How would you Conceive of this Iterative Decision Analysis?

I’ve been trying to think of how one would solve this problem analytically, for 2 days now and gotten almost nowhere, I would be interested hear how others would solve this below ‘toy’ problem (that is based on a real problem I have).

You have 100 people, and each of these people will do the following study twice (so clustered design):

They need to perform three trials where a person flips a a coin. The person can keep the largest monetary value coin that lands ‘heads’ out out of the three trials. If the person never gets a ‘heads’ they owe the study designer a dollar (so there is an imperative to get at least one coin). Everyone starts with a nickel (5 cent coin) which is a ‘fair’ coin with 50/50 chance of heads/tails. After that coin flip, they can decide to either flip a penny (1 cent coin) which is has an unknown higher likelihood of landing on it’s heads (let’s say somewhere between 55-80% probability of heads), a nickel again (fair coin) or flip a quarter which has an unknown lower likelihood of landing on it’s heads (say 10-30%) chance of heads or a half-dollar which has a unknown but even lower likelihood of landing on it’s heads (say 0-15%). After trial 2, the person has to make the same decision a third time. Again, it is important they get at least one coin to go heads, but they also want to keep the largest monetary coin as possible.

Other than Even probability, all of the other “higher probability” a “lower probability” are unknown and have an element of chance even though they’re weighted. Let’s say I have data on these 100 participants completing these trials. How would you model what the “best” decision rules are after each flip?

I have a few ideas, none of which I love, so I’d be interested to hear others’ thoughts.

EDIT: to be clear, this is a toy example and the real data and problem are more complex, so it won’t work to simply get a rough idea of the “weights” of the coins from empirical data and work out the problem analytically. I actually need a statistical or machine learning model for the empirical data

To clarify, it sounds like you are asking (assuming the trial participants are making optimal decisions under uncertainty) how to infer the p_{25c} and p_{50c} heads chance parameters from the 100 subjects? Or are you interested in inferring the actual decision making process of the test subjects which may or may not be optimal?

So that’s a good question, let’s assume the latter. In reality, the data is a bit more complicated because the ‘heads chance parameters’ for each coin are relative to the individual and also likely vary across time (a p_{25c} at ‘flip 2’ is unlikely to be the same as p_{25c} at ‘flip 3’).

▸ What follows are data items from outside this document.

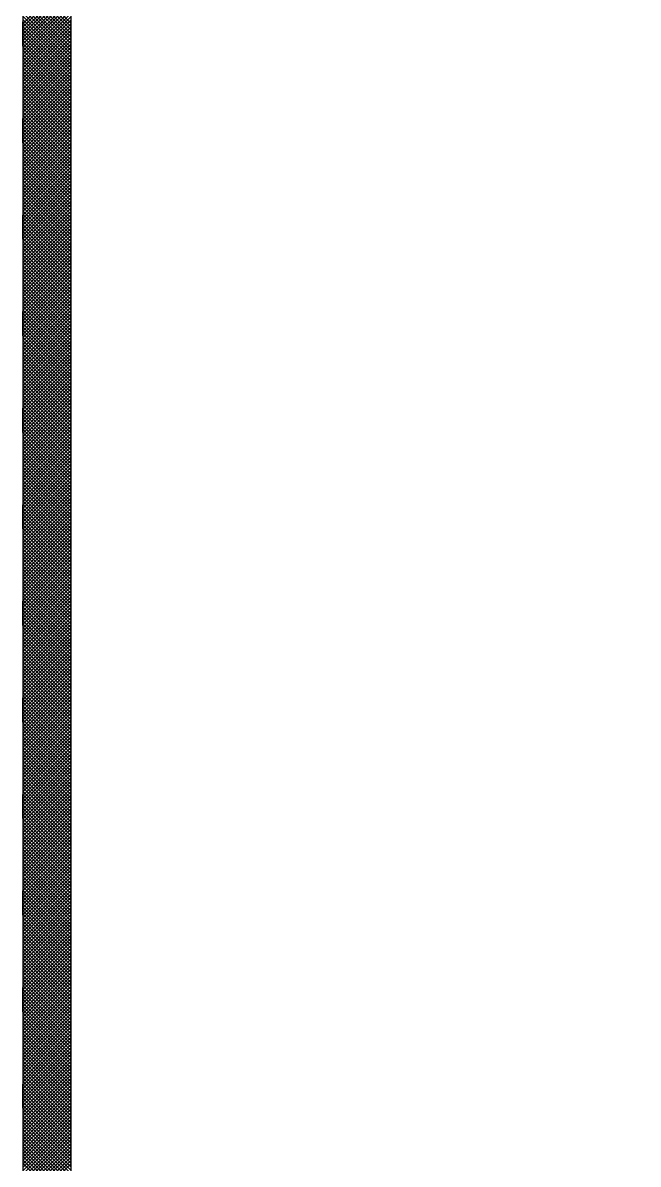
# Model space of a CAD drawing. Extents: x 0 to 119, y 0 to 84.
# Drawn here: x 68.135 to 70.685, y 59.918 to 64.646 of the extents above; entities that cross this region are included whole.
import ezdxf

# ---------------------------------------------------------------- set-up
doc = ezdxf.new("R2010")
doc.units = 0
doc.header["$MEASUREMENT"] = 0
doc.linetypes.add('ESTILO_TQS_0002', pattern=[0.4, 0.1, -0.3])
for name, color, linetype in [('29', 9, 'CONTINUOUS'), ('3', 7, 'CONTINUOUS'), ('6', 178, 'CONTINUOUS')]:
    doc.layers.add(name, color=color, linetype=linetype)

msp = doc.modelspace()

# ---------------------------------------------------------------- linework, layer by layer
at = {"layer": '29', "color": 9, "linetype": 'Continuous'}
for p, q in [((68.135, 64.843501), (68.335, 64.643501)), ((68.135, 64.641892), (68.335, 64.841892)), ((68.135, 64.829359), (68.335, 64.629359)), ((68.135, 64.62775), (68.335, 64.82775)), ((68.135, 64.815217), (68.335, 64.615217)), ((68.135, 64.613608), (68.335, 64.813608)), ((68.135, 64.801075), (68.335, 64.601075)), ((68.135, 64.599466), (68.335, 64.799466)), ((68.135, 64.786933), (68.335, 64.586933)), ((68.135, 64.585324), (68.335, 64.785324)), ((68.135, 64.772791), (68.335, 64.572791)), ((68.135, 64.571182), (68.335, 64.771182)), ((68.135, 64.758649), (68.335, 64.558649)), ((68.135, 64.55704), (68.335, 64.75704)), ((68.135, 64.744506), (68.335, 64.544506)), ((68.135, 64.542897), (68.335, 64.742897)), ((68.135, 64.730364), (68.335, 64.530364)), ((68.135, 64.528755), (68.335, 64.728755)), ((68.135, 64.716222), (68.335, 64.516222)), ((68.135, 64.514613), (68.335, 64.714613)), ((68.135, 64.70208), (68.335, 64.50208)), ((68.135, 64.500471), (68.335, 64.700471)), ((68.135, 64.687938), (68.335, 64.487938)), ((68.135, 64.486329), (68.335, 64.686329)), ((68.135, 64.673796), (68.335, 64.473796)), ((68.135, 64.472187), (68.335, 64.672187)), ((68.135, 64.659654), (68.335, 64.459654)), ((68.135, 64.458045), (68.335, 64.658045)), ((68.135, 64.645511), (68.335, 64.445511)), ((68.135, 64.443902), (68.335, 64.643902)), ((68.135, 64.631369), (68.335, 64.431369)), ((68.135, 64.42976), (68.335, 64.62976)), ((68.135, 64.617227), (68.335, 64.417227)), ((68.135, 64.415618), (68.335, 64.615618)), ((68.135, 64.603085), (68.335, 64.403085)), ((68.135, 64.401476), (68.335, 64.601476)), ((68.135, 64.588943), (68.335, 64.388943)), ((68.135, 64.387334), (68.335, 64.587334)), ((68.135, 64.574801), (68.335, 64.374801)), ((68.135, 64.373192), (68.335, 64.573192)), ((68.135, 64.560659), (68.335, 64.360659)), ((68.135, 64.35905), (68.335, 64.55905)), ((68.135, 64.546517), (68.335, 64.346517)), ((68.135, 64.344908), (68.335, 64.544908)), ((68.135, 64.532374), (68.335, 64.332374)), ((68.135, 64.330765), (68.335, 64.530765)), ((68.135, 64.518232), (68.335, 64.318232)), ((68.135, 64.316623), (68.335, 64.516623)), ((68.135, 64.50409), (68.335, 64.30409)), ((68.135, 64.302481), (68.335, 64.502481)), ((68.135, 64.489948), (68.335, 64.289948)), ((68.135, 64.288339), (68.335, 64.488339)), ((68.135, 64.475806), (68.335, 64.275806)), ((68.135, 64.274197), (68.335, 64.474197)), ((68.135, 64.461664), (68.335, 64.261664)), ((68.135, 64.260055), (68.335, 64.460055)), ((68.135, 64.447522), (68.335, 64.247522)), ((68.135, 64.245913), (68.335, 64.445913)), ((68.135, 64.433379), (68.335, 64.233379)), ((68.135, 64.23177), (68.335, 64.43177)), ((68.135, 64.419237), (68.335, 64.219237)), ((68.135, 64.217628), (68.335, 64.417628)), ((68.135, 64.405095), (68.335, 64.205095)), ((68.135, 64.203486), (68.335, 64.403486)), ((68.135, 64.390953), (68.335, 64.190953)), ((68.135, 64.189344), (68.335, 64.389344)), ((68.135, 64.376811), (68.335, 64.176811)), ((68.135, 64.175202), (68.335, 64.375202)), ((68.135, 64.362669), (68.335, 64.162669)), ((68.135, 64.16106), (68.335, 64.36106)), ((68.135, 64.348527), (68.335, 64.148527)), ((68.135, 64.146918), (68.335, 64.346918)), ((68.135, 64.334385), (68.335, 64.134385)), ((68.135, 64.132775), (68.335, 64.332775)), ((68.135, 64.320242), (68.335, 64.120242)), ((68.135, 64.118633), (68.335, 64.318633)), ((68.135, 64.3061), (68.335, 64.1061)), ((68.135, 64.104491), (68.335, 64.304491)), ((68.135, 64.291958), (68.335, 64.091958)), ((68.135, 64.090349), (68.335, 64.290349)), ((68.135, 64.277816), (68.335, 64.077816)), ((68.135, 64.076207), (68.335, 64.276207)), ((68.135, 64.263674), (68.335, 64.063674)), ((68.135, 64.062065), (68.335, 64.262065)), ((68.135, 64.249532), (68.335, 64.049532)), ((68.135, 64.047923), (68.335, 64.247923)), ((68.135, 64.23539), (68.335, 64.03539)), ((68.135, 64.033781), (68.335, 64.233781)), ((68.135, 64.221247), (68.335, 64.021247)), ((68.135, 64.019638), (68.335, 64.219638)), ((68.135, 64.207105), (68.335, 64.007105)), ((68.135, 64.005496), (68.335, 64.205496)), ((68.135, 64.192963), (68.335, 63.992963)), ((68.135, 63.991354), (68.335, 64.191354)), ((68.135, 64.178821), (68.335, 63.978821)), ((68.135, 63.977212), (68.335, 64.177212)), ((68.135, 64.164679), (68.335, 63.964679)), ((68.135, 63.96307), (68.335, 64.16307)), ((68.135, 64.150537), (68.335, 63.950537)), ((68.135, 63.948928), (68.335, 64.148928)), ((68.135, 64.136395), (68.335, 63.936395)), ((68.135, 63.934786), (68.335, 64.134786)), ((68.135, 64.122252), (68.335, 63.922252)), ((68.135, 63.920643), (68.335, 64.120643)), ((68.135, 64.10811), (68.335, 63.90811)), ((68.135, 63.906501), (68.335, 64.106501)), ((68.135, 64.093968), (68.335, 63.893968)), ((68.135, 63.892359), (68.335, 64.092359)), ((68.135, 64.079826), (68.335, 63.879826)), ((68.135, 63.878217), (68.335, 64.078217)), ((68.135, 64.065684), (68.335, 63.865684)), ((68.135, 63.864075), (68.335, 64.064075)), ((68.135, 64.051542), (68.335, 63.851542)), ((68.135, 63.849933), (68.335, 64.049933)), ((68.135, 64.0374), (68.335, 63.8374)), ((68.135, 63.835791), (68.335, 64.035791)), ((68.135, 64.023258), (68.335, 63.823258)), ((68.135, 63.821649), (68.335, 64.021649)), ((68.135, 64.009115), (68.335, 63.809115)), ((68.135, 63.807506), (68.335, 64.007506)), ((68.135, 63.994973), (68.335, 63.794973)), ((68.135, 63.793364), (68.335, 63.993364)), ((68.135, 63.980831), (68.335, 63.780831)), ((68.135, 63.779222), (68.335, 63.979222)), ((68.135, 63.966689), (68.335, 63.766689)), ((68.135, 63.76508), (68.335, 63.96508)), ((68.135, 63.952547), (68.335, 63.752547)), ((68.135, 63.750938), (68.335, 63.950938)), ((68.135, 63.938405), (68.335, 63.738405)), ((68.135, 63.736796), (68.335, 63.936796)), ((68.135, 63.924263), (68.335, 63.724263)), ((68.135, 63.722654), (68.335, 63.922654)), ((68.135, 63.91012), (68.335, 63.71012)), ((68.135, 63.708511), (68.335, 63.908511)), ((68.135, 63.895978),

I’ve had a lot of good discussions with individuals in private and the “best solution” (which I’m not all that familiar with) seems to be a reinforcement learning technique since the process could probably be effectively described as a hierarchical Markov Decision Process.

However, I am wondering if it would be “good enough” to model this as three sequential Bayesian multilevel model logistic regressions (to model heads/tails) and a final order multinomial Bayesian MLM (which predicts which coin they end up with at the end). In this way, the previous M1’s posteriors can inform the priors on M2, M2’s posteriors inform M3… on to M4. This would not directly model the time effect and consider these processes somewhat independent, though they’re providing information to the following model. I could then simulate across all models after building with the empirical data. Is there an immediate fatal flaw in this approach? I realize a couple of minor flaws and inelegance to it.